▶ _Problem details_: From the entries below, copy exactly the lines from the one that contains "CREATOR: CADENAS GmbH" through the one that contains "line L45 (-8, 16) -> (-7.0607, 16)", both included, and only those.

┌─ Records supplied

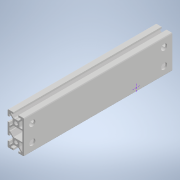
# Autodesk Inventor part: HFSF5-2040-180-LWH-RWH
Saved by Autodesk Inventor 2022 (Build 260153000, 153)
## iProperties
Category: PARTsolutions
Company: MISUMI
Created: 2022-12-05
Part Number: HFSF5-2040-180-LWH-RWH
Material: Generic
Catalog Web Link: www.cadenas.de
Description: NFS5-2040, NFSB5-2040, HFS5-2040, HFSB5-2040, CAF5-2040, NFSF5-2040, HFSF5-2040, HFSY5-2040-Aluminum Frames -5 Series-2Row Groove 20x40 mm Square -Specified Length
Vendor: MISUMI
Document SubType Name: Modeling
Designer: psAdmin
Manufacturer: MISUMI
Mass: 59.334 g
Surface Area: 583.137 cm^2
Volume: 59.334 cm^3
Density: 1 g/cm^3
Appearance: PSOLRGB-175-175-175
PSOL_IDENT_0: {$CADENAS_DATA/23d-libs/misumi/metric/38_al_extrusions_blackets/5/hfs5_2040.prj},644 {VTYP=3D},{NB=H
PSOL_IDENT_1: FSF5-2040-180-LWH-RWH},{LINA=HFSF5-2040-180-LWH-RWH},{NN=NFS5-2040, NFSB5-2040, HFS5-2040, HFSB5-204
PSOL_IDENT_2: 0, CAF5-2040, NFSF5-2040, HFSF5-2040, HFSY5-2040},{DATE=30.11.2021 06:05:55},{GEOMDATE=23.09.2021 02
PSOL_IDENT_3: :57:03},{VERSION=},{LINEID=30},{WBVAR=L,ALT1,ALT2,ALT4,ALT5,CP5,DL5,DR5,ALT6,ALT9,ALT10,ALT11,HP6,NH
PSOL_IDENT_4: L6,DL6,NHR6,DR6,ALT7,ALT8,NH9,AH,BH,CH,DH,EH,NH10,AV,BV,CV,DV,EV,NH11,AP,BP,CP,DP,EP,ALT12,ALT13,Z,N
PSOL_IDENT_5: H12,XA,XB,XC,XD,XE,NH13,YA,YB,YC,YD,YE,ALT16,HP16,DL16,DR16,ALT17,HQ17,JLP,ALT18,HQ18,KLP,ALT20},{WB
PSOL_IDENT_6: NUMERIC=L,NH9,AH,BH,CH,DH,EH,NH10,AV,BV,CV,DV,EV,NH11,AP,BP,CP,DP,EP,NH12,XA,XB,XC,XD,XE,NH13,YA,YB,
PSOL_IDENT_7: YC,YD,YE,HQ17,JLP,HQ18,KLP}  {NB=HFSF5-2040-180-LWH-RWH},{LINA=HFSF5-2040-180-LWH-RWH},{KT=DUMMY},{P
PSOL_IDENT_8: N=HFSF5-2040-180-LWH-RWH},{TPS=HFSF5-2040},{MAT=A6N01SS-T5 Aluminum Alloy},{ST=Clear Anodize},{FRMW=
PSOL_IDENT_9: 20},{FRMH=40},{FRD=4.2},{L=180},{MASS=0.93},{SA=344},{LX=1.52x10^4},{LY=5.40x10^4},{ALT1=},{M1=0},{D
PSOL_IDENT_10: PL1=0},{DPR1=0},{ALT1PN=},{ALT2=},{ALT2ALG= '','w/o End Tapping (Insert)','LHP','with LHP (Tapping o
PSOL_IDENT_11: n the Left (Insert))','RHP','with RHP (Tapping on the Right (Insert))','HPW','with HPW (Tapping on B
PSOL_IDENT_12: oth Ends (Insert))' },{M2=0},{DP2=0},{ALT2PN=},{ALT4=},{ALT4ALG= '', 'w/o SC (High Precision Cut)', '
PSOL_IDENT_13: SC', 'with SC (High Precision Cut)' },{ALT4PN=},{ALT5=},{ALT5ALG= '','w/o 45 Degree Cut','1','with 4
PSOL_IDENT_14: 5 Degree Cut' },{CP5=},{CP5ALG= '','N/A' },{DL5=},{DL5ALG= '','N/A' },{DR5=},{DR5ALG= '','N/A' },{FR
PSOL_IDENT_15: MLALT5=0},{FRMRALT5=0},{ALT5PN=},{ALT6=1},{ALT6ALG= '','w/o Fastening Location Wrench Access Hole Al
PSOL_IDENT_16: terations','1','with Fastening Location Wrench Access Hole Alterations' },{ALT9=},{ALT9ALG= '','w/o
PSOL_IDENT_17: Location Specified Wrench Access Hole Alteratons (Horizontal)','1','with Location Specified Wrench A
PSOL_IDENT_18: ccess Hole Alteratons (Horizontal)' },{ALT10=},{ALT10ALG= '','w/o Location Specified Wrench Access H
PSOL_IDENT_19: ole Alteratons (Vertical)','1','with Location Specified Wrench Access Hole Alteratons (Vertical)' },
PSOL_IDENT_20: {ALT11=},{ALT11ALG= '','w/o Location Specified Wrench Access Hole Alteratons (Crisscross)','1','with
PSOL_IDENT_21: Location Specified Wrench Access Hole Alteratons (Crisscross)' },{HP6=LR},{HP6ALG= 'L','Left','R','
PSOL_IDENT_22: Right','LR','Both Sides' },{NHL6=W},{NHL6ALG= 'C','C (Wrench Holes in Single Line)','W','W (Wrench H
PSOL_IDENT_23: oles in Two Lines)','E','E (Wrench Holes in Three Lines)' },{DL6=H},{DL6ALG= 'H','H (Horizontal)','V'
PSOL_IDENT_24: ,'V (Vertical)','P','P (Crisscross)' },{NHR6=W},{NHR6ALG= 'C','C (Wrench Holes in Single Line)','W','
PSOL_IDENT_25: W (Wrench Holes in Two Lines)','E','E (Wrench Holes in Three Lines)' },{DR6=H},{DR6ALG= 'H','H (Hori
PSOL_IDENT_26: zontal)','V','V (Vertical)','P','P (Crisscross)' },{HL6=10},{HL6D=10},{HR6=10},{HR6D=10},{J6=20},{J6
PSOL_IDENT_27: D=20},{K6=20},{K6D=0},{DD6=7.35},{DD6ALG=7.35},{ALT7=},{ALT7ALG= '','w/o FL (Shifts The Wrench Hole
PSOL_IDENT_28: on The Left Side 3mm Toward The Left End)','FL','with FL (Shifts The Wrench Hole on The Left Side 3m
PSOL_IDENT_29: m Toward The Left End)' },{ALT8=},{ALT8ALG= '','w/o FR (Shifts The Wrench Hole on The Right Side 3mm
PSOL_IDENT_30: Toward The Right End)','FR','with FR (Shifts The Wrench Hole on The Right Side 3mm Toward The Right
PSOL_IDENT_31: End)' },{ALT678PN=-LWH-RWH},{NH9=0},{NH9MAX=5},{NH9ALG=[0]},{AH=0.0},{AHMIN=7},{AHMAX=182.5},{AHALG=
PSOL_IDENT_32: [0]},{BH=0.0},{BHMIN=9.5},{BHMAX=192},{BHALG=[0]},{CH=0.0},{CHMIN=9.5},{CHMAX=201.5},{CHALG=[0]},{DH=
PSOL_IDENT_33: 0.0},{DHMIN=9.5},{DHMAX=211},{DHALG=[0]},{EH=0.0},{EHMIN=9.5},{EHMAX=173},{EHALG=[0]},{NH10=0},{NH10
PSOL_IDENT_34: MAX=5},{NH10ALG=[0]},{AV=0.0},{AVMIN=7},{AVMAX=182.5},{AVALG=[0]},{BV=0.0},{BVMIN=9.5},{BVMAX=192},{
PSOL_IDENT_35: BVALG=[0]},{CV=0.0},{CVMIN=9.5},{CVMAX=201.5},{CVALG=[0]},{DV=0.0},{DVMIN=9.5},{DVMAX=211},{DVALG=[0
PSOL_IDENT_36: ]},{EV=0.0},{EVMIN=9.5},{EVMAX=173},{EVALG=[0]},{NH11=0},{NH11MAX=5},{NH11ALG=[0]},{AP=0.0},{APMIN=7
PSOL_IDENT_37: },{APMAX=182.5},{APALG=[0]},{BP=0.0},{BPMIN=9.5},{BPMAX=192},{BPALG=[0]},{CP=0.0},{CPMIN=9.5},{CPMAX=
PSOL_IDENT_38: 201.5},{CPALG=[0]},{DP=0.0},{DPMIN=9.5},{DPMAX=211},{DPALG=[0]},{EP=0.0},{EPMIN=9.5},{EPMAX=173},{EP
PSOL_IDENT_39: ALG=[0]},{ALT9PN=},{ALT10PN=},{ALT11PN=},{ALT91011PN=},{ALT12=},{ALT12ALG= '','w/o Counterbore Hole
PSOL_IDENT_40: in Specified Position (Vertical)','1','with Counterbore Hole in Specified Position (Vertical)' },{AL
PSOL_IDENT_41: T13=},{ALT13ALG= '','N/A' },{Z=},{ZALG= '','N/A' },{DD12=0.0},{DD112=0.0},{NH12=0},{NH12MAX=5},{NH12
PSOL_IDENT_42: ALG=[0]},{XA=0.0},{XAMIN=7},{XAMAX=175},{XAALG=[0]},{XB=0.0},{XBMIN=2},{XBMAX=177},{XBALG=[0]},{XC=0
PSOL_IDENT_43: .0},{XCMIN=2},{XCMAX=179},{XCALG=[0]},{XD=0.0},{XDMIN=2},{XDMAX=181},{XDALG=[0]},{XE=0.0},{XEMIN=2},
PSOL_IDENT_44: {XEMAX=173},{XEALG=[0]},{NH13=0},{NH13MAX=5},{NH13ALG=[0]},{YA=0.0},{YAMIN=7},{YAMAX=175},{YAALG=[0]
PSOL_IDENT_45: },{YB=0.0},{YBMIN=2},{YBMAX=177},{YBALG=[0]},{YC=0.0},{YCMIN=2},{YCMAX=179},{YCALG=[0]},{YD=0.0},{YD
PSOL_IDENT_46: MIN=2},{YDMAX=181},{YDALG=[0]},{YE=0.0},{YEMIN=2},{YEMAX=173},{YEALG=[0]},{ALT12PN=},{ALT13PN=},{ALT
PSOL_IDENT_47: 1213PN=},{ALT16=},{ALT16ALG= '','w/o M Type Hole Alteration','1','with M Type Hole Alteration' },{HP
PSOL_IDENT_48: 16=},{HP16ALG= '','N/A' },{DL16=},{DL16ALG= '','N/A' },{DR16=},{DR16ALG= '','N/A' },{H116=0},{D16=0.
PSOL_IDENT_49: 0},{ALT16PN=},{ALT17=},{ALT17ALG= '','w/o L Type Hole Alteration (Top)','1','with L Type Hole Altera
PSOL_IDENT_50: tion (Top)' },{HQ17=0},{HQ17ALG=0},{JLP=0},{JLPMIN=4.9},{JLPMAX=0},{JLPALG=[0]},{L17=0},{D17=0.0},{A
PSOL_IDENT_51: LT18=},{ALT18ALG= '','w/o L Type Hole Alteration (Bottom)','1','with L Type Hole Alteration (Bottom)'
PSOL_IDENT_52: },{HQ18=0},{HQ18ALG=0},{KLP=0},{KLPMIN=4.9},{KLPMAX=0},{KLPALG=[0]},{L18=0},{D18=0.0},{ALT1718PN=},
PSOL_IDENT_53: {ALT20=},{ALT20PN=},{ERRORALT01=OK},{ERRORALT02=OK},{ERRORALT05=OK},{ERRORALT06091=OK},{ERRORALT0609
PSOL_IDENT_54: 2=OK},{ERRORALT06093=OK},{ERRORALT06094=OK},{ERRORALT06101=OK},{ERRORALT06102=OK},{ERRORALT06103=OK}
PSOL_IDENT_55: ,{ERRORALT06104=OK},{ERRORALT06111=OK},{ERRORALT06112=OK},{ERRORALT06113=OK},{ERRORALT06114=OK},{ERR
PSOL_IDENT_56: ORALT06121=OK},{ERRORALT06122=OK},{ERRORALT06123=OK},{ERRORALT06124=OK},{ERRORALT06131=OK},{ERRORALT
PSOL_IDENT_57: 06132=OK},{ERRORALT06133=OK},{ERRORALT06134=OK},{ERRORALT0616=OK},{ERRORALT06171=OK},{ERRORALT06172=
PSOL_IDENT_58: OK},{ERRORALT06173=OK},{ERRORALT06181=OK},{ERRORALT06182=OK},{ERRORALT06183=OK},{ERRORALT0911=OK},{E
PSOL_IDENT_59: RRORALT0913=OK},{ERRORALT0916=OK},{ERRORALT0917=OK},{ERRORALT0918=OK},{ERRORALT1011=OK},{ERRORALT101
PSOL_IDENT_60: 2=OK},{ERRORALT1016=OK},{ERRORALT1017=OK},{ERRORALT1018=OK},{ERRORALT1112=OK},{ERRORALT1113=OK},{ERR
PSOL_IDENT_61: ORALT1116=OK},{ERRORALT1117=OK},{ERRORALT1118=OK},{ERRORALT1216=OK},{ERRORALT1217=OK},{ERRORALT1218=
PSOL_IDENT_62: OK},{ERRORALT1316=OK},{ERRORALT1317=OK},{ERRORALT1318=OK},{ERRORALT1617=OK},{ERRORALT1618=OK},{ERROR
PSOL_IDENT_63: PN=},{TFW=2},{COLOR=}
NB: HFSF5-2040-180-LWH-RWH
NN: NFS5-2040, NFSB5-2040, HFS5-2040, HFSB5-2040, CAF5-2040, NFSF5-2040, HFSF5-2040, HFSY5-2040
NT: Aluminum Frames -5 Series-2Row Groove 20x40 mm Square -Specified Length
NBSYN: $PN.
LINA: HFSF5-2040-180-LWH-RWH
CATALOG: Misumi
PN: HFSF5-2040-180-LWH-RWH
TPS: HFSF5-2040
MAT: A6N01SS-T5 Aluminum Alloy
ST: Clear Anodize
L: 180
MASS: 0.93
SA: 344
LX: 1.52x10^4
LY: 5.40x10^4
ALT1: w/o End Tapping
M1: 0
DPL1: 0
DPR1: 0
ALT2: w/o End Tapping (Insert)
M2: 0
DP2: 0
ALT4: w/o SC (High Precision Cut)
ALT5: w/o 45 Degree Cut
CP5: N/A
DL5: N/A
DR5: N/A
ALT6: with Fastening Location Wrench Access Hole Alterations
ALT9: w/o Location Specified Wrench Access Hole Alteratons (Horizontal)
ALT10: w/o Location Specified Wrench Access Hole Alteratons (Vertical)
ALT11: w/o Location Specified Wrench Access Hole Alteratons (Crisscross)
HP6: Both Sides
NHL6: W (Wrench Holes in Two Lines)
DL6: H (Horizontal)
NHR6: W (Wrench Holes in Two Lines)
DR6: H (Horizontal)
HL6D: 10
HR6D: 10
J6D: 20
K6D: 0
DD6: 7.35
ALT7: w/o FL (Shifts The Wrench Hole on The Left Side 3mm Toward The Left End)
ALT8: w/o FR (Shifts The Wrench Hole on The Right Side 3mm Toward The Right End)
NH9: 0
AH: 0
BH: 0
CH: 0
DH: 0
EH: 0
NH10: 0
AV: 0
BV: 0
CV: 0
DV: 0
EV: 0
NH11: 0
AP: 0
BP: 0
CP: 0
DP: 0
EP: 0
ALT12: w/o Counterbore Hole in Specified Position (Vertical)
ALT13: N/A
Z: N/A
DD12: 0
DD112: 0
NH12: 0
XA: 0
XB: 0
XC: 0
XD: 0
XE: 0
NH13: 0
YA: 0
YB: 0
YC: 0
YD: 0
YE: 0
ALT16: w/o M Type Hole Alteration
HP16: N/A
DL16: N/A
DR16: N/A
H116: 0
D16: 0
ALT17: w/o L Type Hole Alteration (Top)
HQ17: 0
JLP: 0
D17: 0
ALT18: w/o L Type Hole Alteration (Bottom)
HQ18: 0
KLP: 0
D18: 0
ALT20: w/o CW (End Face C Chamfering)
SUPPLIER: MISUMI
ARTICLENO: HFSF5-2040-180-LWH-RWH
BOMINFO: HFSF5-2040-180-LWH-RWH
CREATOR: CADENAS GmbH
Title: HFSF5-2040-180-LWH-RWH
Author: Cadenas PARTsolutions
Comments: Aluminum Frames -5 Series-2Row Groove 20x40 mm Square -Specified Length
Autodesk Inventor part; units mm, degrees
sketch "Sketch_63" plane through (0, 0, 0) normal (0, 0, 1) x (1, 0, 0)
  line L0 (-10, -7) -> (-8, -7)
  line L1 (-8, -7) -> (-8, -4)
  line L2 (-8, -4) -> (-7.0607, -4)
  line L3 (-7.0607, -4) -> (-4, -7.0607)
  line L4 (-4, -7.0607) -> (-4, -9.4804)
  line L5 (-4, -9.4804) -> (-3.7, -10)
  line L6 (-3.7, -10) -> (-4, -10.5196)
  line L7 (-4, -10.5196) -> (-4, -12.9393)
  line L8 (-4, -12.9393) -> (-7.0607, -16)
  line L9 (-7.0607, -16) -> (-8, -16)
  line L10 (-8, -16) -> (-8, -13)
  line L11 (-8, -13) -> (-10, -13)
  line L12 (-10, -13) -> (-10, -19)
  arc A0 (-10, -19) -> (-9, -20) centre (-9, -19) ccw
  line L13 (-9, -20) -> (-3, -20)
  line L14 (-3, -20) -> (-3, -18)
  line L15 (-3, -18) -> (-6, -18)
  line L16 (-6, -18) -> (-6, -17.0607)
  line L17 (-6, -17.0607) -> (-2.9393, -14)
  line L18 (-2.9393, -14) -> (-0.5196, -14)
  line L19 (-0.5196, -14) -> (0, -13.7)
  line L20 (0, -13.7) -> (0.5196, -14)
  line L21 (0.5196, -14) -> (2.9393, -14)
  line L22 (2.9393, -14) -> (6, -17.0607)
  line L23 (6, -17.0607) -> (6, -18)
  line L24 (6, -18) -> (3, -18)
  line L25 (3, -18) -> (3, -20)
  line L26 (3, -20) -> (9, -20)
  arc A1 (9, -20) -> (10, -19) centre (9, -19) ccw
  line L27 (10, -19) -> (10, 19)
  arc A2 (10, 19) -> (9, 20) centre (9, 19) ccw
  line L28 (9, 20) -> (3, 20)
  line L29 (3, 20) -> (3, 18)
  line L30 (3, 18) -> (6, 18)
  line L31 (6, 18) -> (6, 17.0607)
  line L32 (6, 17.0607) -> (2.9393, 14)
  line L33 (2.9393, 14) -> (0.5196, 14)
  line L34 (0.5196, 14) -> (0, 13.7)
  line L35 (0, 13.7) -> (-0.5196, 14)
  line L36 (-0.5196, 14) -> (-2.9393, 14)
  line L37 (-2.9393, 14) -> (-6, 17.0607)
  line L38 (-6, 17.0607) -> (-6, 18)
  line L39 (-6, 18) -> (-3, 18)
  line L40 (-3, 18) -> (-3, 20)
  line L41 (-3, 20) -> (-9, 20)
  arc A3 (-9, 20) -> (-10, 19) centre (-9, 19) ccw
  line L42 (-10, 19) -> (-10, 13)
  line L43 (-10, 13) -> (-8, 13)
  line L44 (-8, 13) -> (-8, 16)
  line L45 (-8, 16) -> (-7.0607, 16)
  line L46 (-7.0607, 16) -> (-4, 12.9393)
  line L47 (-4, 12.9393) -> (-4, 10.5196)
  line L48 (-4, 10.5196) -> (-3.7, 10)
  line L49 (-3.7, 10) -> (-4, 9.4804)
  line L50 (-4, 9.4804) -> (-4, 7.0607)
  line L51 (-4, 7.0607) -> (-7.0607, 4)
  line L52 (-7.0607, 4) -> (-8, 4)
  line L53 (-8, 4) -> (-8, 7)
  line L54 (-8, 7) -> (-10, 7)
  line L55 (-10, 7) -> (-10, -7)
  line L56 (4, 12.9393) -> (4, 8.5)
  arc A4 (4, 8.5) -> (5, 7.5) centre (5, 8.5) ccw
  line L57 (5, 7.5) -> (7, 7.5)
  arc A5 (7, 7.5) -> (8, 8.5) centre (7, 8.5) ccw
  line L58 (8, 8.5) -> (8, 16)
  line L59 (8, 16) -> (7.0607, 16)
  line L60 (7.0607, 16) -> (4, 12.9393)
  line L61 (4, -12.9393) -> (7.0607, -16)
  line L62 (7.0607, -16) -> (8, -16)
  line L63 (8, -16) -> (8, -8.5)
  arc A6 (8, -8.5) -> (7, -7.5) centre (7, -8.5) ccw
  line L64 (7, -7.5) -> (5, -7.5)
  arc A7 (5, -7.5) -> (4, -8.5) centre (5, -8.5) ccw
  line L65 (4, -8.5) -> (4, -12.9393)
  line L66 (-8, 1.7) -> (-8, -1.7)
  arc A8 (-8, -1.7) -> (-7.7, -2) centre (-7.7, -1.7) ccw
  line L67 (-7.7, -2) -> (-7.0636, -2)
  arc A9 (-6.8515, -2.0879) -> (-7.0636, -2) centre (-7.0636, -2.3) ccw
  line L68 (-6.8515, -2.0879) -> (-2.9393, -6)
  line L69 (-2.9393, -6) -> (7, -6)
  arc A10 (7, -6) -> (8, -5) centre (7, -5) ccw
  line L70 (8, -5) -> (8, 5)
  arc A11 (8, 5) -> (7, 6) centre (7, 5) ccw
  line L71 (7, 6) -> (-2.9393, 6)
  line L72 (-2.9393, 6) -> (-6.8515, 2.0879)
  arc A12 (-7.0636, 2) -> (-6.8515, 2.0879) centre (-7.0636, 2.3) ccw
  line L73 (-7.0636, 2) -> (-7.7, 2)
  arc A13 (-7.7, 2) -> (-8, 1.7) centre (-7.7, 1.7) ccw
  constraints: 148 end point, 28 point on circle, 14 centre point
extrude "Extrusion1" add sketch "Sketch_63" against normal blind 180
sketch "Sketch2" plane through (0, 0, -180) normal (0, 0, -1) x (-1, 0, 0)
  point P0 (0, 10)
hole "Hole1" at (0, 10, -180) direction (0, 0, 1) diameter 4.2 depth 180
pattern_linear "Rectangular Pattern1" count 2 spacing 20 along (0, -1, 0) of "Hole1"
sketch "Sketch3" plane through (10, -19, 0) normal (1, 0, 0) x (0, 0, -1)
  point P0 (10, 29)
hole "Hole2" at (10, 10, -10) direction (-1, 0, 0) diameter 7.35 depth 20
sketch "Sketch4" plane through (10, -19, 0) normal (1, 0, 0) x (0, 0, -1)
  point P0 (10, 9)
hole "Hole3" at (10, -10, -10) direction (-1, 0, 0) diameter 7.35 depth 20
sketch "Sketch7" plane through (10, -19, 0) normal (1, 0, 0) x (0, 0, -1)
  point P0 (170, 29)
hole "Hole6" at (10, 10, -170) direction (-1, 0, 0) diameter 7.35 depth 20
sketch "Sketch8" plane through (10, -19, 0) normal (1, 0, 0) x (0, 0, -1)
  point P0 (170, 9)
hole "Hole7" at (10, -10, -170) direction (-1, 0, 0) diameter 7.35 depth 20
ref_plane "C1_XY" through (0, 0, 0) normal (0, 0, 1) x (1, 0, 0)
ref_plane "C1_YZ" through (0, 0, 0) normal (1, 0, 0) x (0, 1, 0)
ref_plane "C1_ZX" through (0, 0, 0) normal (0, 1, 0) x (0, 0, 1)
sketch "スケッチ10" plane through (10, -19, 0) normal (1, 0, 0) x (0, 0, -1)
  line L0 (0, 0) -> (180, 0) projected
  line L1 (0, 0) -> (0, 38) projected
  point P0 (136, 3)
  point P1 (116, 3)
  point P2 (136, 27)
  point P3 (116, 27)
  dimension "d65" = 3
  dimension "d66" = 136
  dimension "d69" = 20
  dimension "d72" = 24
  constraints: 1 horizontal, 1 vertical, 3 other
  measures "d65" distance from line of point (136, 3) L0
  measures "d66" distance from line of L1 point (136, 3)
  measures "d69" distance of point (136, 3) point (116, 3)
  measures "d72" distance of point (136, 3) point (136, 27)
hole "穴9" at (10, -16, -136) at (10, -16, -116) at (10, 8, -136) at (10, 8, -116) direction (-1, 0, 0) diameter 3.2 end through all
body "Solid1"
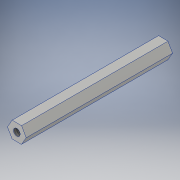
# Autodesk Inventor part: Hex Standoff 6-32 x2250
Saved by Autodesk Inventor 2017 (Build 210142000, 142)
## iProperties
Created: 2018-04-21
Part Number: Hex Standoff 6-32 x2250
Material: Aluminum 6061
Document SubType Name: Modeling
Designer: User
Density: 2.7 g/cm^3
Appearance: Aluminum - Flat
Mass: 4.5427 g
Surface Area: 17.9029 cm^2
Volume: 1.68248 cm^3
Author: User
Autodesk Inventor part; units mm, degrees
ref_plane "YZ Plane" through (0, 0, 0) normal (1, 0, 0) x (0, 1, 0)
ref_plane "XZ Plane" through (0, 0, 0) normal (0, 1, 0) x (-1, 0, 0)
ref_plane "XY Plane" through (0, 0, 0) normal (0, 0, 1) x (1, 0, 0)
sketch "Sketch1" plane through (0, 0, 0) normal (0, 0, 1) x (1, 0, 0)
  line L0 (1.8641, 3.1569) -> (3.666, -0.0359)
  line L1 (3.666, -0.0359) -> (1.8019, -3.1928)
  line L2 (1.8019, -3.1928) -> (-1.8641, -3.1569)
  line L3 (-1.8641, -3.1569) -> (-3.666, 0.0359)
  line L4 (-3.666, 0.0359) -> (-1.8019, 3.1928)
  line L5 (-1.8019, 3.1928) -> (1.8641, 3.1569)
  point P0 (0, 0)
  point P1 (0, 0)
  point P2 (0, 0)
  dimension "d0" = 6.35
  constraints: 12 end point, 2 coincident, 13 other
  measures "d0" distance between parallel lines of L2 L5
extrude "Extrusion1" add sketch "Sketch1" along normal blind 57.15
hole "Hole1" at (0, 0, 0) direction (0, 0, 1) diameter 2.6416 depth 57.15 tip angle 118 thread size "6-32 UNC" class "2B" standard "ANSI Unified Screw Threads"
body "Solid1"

└─

▶ _Result of this task_:
CREATOR: CADENAS GmbH
Title: HFSF5-2040-180-LWH-RWH
Author: Cadenas PARTsolutions
Comments: Aluminum Frames -5 Series-2Row Groove 20x40 mm Square -Specified Length
Autodesk Inventor part; units mm, degrees
sketch "Sketch_63" plane through (0, 0, 0) normal (0, 0, 1) x (1, 0, 0)
  line L0 (-10, -7) -> (-8, -7)
  line L1 (-8, -7) -> (-8, -4)
  line L2 (-8, -4) -> (-7.0607, -4)
  line L3 (-7.0607, -4) -> (-4, -7.0607)
  line L4 (-4, -7.0607) -> (-4, -9.4804)
  line L5 (-4, -9.4804) -> (-3.7, -10)
  line L6 (-3.7, -10) -> (-4, -10.5196)
  line L7 (-4, -10.5196) -> (-4, -12.9393)
  line L8 (-4, -12.9393) -> (-7.0607, -16)
  line L9 (-7.0607, -16) -> (-8, -16)
  line L10 (-8, -16) -> (-8, -13)
  line L11 (-8, -13) -> (-10, -13)
  line L12 (-10, -13) -> (-10, -19)
  arc A0 (-10, -19) -> (-9, -20) centre (-9, -19) ccw
  line L13 (-9, -20) -> (-3, -20)
  line L14 (-3, -20) -> (-3, -18)
  line L15 (-3, -18) -> (-6, -18)
  line L16 (-6, -18) -> (-6, -17.0607)
  line L17 (-6, -17.0607) -> (-2.9393, -14)
  line L18 (-2.9393, -14) -> (-0.5196, -14)
  line L19 (-0.5196, -14) -> (0, -13.7)
  line L20 (0, -13.7) -> (0.5196, -14)
  line L21 (0.5196, -14) -> (2.9393, -14)
  line L22 (2.9393, -14) -> (6, -17.0607)
  line L23 (6, -17.0607) -> (6, -18)
  line L24 (6, -18) -> (3, -18)
  line L25 (3, -18) -> (3, -20)
  line L26 (3, -20) -> (9, -20)
  arc A1 (9, -20) -> (10, -19) centre (9, -19) ccw
  line L27 (10, -19) -> (10, 19)
  arc A2 (10, 19) -> (9, 20) centre (9, 19) ccw
  line L28 (9, 20) -> (3, 20)
  line L29 (3, 20) -> (3, 18)
  line L30 (3, 18) -> (6, 18)
  line L31 (6, 18) -> (6, 17.0607)
  line L32 (6, 17.0607) -> (2.9393, 14)
  line L33 (2.9393, 14) -> (0.5196, 14)
  line L34 (0.5196, 14) -> (0, 13.7)
  line L35 (0, 13.7) -> (-0.5196, 14)
  line L36 (-0.5196, 14) -> (-2.9393, 14)
  line L37 (-2.9393, 14) -> (-6, 17.0607)
  line L38 (-6, 17.0607) -> (-6, 18)
  line L39 (-6, 18) -> (-3, 18)
  line L40 (-3, 18) -> (-3, 20)
  line L41 (-3, 20) -> (-9, 20)
  arc A3 (-9, 20) -> (-10, 19) centre (-9, 19) ccw
  line L42 (-10, 19) -> (-10, 13)
  line L43 (-10, 13) -> (-8, 13)
  line L44 (-8, 13) -> (-8, 16)
  line L45 (-8, 16) -> (-7.0607, 16)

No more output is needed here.